> **Work request**:
Without including any pictures, retype exactly the lines from the top of the records through the line containing "- C:\Robotics\CAD\2018-19_CAD\Offseason\StressArmAssembly.iam", that final line included.

> **Exercise data**:
>>

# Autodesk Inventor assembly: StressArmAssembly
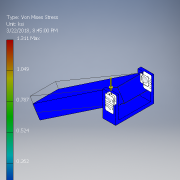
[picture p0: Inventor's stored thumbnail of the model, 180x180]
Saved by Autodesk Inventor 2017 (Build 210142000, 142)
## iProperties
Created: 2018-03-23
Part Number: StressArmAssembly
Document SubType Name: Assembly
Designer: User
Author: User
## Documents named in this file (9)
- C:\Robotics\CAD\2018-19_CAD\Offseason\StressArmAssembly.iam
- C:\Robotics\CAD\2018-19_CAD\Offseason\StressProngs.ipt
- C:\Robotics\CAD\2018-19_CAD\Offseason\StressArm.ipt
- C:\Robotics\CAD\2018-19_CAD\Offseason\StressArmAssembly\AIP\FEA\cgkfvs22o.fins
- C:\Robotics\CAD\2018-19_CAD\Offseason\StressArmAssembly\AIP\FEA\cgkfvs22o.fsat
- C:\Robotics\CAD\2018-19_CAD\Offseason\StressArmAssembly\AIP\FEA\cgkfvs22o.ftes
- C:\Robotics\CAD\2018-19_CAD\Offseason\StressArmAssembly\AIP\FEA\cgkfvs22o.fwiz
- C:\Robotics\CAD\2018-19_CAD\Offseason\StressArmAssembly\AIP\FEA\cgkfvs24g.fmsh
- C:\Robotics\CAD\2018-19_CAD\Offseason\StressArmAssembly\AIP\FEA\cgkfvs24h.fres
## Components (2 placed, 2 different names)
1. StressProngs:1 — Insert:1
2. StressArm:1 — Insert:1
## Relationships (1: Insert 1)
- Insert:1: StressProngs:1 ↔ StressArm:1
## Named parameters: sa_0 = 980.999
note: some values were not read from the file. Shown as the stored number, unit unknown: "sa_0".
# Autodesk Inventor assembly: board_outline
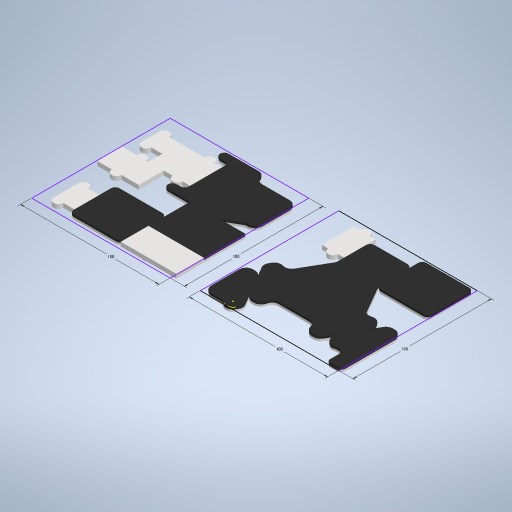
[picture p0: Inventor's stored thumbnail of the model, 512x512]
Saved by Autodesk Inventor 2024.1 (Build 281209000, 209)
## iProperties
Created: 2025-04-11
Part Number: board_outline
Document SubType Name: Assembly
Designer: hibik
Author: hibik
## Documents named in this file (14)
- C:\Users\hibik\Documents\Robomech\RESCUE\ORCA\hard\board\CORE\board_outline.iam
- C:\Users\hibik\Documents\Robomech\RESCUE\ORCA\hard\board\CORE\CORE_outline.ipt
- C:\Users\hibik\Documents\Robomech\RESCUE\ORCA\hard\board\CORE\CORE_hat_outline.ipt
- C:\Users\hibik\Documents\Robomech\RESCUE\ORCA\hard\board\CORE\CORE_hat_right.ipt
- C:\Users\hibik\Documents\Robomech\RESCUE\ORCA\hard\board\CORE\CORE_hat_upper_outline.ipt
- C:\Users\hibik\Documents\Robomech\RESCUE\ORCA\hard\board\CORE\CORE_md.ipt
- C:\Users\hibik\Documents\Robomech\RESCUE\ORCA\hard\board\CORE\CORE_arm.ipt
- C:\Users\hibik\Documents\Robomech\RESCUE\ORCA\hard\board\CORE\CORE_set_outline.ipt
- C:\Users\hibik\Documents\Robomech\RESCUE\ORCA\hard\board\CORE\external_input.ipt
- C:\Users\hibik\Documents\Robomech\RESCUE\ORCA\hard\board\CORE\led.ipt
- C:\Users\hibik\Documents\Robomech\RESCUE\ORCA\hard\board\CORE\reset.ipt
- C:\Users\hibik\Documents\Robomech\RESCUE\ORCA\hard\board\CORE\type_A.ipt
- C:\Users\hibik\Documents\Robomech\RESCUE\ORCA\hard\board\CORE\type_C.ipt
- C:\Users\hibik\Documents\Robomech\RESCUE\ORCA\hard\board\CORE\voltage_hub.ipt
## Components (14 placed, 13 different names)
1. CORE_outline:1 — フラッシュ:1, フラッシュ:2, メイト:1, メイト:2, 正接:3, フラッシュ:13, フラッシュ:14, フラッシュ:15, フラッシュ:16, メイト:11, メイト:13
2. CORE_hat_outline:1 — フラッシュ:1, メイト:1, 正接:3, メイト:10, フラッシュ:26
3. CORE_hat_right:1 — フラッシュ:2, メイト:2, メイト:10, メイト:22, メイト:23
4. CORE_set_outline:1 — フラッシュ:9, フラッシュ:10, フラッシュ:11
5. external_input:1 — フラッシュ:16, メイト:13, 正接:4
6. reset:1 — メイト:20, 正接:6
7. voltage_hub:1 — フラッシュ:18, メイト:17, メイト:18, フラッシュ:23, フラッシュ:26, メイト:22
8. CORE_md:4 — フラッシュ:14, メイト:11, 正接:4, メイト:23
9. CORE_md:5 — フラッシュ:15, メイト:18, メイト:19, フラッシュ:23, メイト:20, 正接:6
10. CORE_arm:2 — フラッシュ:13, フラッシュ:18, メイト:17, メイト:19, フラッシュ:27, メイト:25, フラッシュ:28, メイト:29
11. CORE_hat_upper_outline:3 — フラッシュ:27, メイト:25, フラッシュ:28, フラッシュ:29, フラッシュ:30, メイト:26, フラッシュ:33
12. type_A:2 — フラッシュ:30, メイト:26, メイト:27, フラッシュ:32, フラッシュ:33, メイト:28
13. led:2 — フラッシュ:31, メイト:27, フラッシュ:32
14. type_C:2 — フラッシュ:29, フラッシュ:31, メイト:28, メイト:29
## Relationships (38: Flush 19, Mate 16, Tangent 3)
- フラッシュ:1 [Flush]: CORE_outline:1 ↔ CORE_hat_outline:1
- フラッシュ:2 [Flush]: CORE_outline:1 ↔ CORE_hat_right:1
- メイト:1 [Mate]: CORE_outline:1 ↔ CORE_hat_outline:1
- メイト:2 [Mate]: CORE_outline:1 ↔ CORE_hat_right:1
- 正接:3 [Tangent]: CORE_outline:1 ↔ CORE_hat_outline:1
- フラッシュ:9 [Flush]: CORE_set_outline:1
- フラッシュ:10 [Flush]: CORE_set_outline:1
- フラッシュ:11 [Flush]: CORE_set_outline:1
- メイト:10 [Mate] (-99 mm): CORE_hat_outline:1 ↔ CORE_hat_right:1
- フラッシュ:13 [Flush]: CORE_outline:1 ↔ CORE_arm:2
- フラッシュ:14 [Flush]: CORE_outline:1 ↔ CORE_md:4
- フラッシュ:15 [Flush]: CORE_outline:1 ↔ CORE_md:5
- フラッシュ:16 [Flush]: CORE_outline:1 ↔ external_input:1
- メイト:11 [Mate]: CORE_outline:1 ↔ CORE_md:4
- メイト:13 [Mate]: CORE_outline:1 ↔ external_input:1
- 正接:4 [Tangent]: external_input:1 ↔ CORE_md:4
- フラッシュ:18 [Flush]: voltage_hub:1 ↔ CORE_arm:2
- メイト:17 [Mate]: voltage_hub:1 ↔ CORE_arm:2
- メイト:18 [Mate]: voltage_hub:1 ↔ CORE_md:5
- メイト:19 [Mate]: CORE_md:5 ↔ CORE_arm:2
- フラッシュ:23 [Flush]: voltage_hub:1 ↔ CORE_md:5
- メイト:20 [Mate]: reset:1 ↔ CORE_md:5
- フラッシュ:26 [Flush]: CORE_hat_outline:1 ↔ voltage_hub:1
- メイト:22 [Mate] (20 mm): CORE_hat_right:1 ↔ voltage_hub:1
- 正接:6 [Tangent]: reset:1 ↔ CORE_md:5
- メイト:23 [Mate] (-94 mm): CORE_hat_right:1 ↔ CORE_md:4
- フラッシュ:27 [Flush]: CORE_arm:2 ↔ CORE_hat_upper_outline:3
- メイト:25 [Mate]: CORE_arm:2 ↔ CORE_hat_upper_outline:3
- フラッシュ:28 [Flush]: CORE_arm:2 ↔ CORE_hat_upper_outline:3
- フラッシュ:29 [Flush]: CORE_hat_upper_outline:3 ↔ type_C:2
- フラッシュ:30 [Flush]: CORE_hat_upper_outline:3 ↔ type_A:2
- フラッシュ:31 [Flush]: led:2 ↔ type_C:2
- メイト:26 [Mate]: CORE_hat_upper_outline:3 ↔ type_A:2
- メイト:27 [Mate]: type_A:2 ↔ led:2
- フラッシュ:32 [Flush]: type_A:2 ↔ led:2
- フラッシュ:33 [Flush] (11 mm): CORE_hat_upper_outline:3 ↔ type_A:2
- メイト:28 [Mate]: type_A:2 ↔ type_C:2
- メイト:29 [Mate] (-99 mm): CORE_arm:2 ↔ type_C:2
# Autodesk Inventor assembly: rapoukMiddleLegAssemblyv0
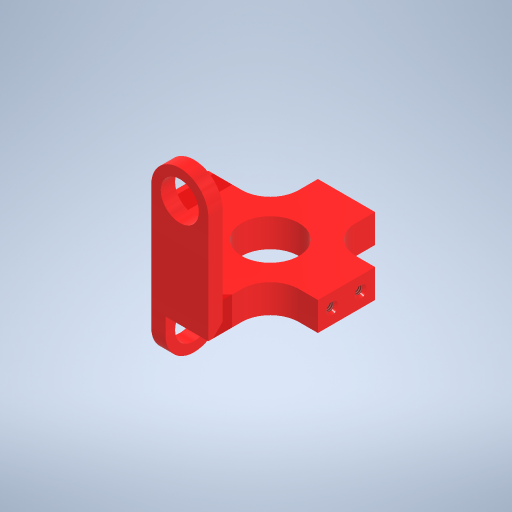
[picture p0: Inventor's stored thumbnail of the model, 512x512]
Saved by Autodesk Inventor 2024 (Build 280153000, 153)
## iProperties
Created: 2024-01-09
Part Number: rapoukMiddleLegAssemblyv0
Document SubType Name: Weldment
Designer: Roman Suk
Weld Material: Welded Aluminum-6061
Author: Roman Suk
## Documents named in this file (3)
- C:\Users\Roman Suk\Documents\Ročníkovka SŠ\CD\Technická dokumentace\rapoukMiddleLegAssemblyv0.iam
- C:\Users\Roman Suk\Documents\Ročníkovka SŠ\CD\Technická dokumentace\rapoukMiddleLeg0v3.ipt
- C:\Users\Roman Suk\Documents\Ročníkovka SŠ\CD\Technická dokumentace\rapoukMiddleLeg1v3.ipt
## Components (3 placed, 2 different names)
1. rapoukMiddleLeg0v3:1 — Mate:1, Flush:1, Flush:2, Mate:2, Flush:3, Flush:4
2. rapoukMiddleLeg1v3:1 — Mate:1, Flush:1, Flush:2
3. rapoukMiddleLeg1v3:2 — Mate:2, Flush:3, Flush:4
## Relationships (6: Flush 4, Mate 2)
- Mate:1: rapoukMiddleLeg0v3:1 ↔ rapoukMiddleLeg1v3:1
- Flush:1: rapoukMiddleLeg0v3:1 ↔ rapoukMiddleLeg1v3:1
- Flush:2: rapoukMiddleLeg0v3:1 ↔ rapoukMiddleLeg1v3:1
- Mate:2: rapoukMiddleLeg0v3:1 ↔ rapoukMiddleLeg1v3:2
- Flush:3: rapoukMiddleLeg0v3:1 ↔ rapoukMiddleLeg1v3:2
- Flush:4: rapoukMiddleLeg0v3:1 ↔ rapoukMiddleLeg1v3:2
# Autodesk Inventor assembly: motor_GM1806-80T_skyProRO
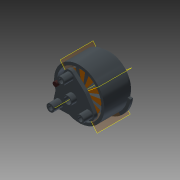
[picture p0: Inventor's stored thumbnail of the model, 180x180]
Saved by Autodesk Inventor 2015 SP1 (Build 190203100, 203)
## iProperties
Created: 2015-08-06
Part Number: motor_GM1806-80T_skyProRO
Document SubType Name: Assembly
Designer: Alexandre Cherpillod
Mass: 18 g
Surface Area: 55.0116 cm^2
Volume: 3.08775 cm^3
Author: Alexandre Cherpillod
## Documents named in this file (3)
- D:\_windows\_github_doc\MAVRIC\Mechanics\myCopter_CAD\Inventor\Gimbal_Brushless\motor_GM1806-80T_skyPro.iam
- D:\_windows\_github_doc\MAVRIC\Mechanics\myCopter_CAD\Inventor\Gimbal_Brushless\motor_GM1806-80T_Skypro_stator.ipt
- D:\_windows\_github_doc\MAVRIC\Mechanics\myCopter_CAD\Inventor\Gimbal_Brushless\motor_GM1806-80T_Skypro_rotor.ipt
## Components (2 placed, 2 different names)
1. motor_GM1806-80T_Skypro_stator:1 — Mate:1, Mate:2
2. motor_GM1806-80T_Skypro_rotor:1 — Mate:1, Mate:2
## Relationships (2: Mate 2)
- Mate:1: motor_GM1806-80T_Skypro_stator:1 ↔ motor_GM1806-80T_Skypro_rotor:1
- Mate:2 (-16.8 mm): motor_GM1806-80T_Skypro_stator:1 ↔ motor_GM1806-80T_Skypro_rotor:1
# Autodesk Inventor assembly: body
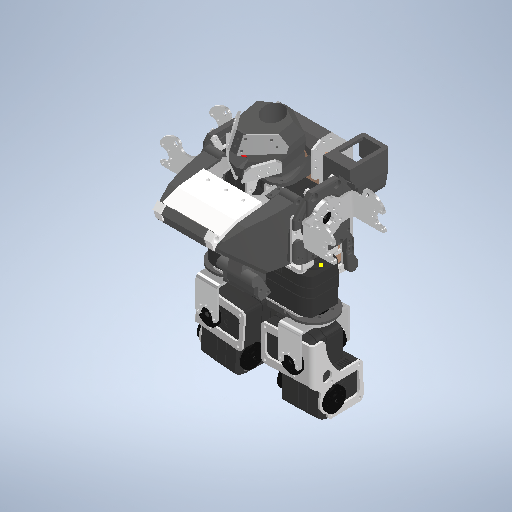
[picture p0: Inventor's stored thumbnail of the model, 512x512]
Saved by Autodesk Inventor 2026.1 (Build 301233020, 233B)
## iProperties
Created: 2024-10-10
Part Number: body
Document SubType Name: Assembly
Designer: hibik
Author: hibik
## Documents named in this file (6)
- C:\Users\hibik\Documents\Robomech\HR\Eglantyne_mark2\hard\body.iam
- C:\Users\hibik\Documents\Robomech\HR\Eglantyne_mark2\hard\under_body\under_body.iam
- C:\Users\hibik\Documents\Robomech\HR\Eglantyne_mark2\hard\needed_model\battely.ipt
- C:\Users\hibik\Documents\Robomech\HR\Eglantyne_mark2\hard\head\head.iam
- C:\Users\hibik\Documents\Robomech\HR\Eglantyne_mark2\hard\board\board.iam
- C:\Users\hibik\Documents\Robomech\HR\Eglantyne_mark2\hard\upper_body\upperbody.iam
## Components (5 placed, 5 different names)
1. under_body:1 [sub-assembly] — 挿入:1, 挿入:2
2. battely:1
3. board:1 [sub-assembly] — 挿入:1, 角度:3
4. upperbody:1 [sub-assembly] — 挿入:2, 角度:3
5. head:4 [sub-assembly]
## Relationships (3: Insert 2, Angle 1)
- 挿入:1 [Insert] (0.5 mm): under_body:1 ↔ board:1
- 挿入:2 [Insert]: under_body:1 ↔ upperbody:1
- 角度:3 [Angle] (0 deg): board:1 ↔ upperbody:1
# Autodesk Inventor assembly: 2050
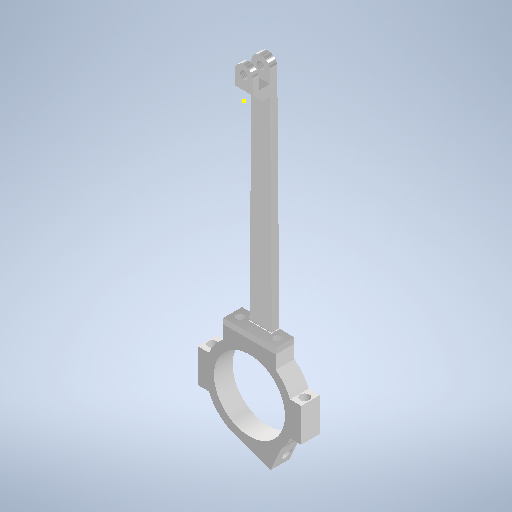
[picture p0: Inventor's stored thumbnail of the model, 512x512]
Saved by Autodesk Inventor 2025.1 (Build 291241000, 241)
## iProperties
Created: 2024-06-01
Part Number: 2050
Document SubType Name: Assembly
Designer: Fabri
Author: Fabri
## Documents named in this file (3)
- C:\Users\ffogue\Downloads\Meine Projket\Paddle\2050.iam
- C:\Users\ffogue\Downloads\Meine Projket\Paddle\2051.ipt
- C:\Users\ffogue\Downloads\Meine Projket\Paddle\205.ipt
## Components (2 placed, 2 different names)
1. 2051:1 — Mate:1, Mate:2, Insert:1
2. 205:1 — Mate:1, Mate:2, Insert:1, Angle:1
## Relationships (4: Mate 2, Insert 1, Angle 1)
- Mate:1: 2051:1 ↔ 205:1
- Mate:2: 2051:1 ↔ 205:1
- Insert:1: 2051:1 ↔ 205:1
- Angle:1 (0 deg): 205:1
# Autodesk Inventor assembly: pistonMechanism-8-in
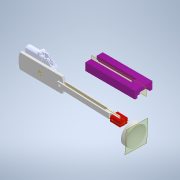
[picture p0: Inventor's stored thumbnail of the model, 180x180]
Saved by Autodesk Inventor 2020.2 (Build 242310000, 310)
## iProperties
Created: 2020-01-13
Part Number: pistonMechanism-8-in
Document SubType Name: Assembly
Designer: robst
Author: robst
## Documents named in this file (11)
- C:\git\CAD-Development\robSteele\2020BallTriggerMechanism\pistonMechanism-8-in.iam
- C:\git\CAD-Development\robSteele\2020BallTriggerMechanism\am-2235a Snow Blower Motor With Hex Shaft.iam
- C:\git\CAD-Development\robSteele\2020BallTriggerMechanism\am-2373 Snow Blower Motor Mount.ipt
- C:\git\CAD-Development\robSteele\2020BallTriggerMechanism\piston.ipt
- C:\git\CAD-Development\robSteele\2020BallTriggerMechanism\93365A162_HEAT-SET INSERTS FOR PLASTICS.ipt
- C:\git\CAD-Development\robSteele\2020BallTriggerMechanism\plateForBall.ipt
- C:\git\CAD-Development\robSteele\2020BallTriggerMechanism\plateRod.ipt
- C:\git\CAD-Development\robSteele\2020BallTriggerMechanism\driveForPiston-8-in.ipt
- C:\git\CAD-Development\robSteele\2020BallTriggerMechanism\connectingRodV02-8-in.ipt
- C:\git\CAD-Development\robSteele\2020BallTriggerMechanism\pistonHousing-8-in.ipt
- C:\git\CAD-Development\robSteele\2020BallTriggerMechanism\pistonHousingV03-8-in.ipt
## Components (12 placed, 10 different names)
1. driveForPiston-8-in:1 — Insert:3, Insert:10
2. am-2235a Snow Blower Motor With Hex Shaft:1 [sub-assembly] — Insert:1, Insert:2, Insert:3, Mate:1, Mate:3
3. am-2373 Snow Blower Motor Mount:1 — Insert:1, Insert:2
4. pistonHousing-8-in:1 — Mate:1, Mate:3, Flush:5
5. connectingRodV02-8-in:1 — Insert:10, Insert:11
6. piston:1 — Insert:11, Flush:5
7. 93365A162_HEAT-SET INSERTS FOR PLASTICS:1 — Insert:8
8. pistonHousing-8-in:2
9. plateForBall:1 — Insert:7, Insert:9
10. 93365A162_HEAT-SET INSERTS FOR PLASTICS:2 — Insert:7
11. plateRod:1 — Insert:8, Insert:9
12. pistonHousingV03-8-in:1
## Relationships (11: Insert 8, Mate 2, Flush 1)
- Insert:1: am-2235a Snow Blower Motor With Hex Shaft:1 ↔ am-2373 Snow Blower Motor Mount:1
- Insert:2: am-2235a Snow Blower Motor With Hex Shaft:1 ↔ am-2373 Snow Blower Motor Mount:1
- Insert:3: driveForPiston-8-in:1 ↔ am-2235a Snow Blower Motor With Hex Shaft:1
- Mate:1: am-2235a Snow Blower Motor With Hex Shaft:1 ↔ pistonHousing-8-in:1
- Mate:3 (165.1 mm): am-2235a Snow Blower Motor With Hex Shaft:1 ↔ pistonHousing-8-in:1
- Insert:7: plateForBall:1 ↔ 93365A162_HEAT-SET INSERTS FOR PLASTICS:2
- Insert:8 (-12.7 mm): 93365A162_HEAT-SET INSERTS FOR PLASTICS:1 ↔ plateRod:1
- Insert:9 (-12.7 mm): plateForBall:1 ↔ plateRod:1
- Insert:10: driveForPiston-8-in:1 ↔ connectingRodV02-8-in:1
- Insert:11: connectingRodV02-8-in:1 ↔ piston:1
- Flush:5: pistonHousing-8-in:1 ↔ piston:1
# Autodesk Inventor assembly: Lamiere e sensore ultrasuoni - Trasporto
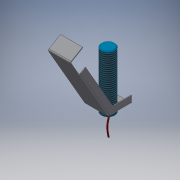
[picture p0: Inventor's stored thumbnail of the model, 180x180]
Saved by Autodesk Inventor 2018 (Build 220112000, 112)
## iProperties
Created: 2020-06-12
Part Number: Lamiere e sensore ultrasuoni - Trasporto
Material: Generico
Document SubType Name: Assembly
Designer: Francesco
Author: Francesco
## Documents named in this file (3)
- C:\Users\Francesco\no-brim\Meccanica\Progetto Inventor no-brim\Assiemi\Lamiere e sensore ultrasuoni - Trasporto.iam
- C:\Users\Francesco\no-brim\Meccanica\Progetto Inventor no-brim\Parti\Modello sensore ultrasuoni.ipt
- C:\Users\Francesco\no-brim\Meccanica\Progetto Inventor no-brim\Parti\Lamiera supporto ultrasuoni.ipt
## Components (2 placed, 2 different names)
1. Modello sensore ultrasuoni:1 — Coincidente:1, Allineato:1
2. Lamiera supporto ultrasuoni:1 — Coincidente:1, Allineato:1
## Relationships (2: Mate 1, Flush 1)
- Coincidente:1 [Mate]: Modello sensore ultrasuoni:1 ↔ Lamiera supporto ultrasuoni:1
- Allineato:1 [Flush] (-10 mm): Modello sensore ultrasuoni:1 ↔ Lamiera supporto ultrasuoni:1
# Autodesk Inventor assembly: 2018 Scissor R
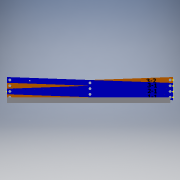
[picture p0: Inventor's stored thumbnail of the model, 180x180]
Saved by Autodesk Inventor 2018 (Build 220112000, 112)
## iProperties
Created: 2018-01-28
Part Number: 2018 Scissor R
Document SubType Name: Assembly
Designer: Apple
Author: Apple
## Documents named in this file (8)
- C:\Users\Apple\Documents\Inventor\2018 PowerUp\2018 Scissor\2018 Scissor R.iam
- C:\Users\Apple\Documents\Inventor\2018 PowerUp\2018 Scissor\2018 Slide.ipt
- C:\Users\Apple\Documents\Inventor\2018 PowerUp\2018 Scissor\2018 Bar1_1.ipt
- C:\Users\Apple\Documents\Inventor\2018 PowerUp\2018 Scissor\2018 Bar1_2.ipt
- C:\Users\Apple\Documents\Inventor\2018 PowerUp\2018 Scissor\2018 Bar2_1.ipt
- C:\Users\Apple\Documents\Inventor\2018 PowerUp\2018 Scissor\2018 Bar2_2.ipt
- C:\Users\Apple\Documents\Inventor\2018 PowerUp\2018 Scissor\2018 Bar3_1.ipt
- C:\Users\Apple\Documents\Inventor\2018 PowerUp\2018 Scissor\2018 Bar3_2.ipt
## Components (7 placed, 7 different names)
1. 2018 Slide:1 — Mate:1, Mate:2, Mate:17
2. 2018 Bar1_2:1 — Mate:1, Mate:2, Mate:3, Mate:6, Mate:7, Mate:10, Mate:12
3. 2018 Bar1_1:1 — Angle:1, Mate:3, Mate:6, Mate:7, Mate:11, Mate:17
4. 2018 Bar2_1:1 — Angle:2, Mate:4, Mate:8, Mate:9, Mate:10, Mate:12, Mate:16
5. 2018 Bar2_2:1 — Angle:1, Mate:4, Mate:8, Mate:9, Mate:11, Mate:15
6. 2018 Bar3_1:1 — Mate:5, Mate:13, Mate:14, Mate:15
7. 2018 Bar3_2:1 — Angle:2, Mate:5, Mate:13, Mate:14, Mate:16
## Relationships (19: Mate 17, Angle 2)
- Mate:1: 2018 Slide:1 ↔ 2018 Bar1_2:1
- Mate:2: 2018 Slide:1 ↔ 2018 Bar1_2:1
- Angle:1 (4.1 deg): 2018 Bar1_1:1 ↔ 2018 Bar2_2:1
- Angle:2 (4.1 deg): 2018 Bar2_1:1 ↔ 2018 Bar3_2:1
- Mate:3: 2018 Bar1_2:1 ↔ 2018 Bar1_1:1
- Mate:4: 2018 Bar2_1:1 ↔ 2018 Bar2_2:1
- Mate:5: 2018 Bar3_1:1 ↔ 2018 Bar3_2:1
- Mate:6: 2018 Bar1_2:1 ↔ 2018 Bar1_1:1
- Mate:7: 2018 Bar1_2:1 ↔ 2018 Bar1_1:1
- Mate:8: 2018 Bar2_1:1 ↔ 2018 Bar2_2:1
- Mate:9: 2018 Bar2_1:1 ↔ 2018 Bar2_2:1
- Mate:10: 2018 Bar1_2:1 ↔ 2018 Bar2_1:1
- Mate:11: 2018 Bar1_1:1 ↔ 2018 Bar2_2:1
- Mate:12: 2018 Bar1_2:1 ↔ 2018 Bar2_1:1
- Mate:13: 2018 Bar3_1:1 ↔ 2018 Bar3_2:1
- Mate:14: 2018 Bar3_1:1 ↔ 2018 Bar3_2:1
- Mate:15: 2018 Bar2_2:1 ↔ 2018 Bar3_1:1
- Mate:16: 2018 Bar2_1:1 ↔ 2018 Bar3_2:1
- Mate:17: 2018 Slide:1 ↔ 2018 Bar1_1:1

<<

> **Output of the exercise**:
# Autodesk Inventor assembly: StressArmAssembly
[picture p0: Inventor's stored thumbnail of the model, 180x180]
Saved by Autodesk Inventor 2017 (Build 210142000, 142)
## iProperties
Created: 2018-03-23
Part Number: StressArmAssembly
Document SubType Name: Assembly
Designer: User
Author: User
## Documents named in this file (9)
- C:\Robotics\CAD\2018-19_CAD\Offseason\StressArmAssembly.iam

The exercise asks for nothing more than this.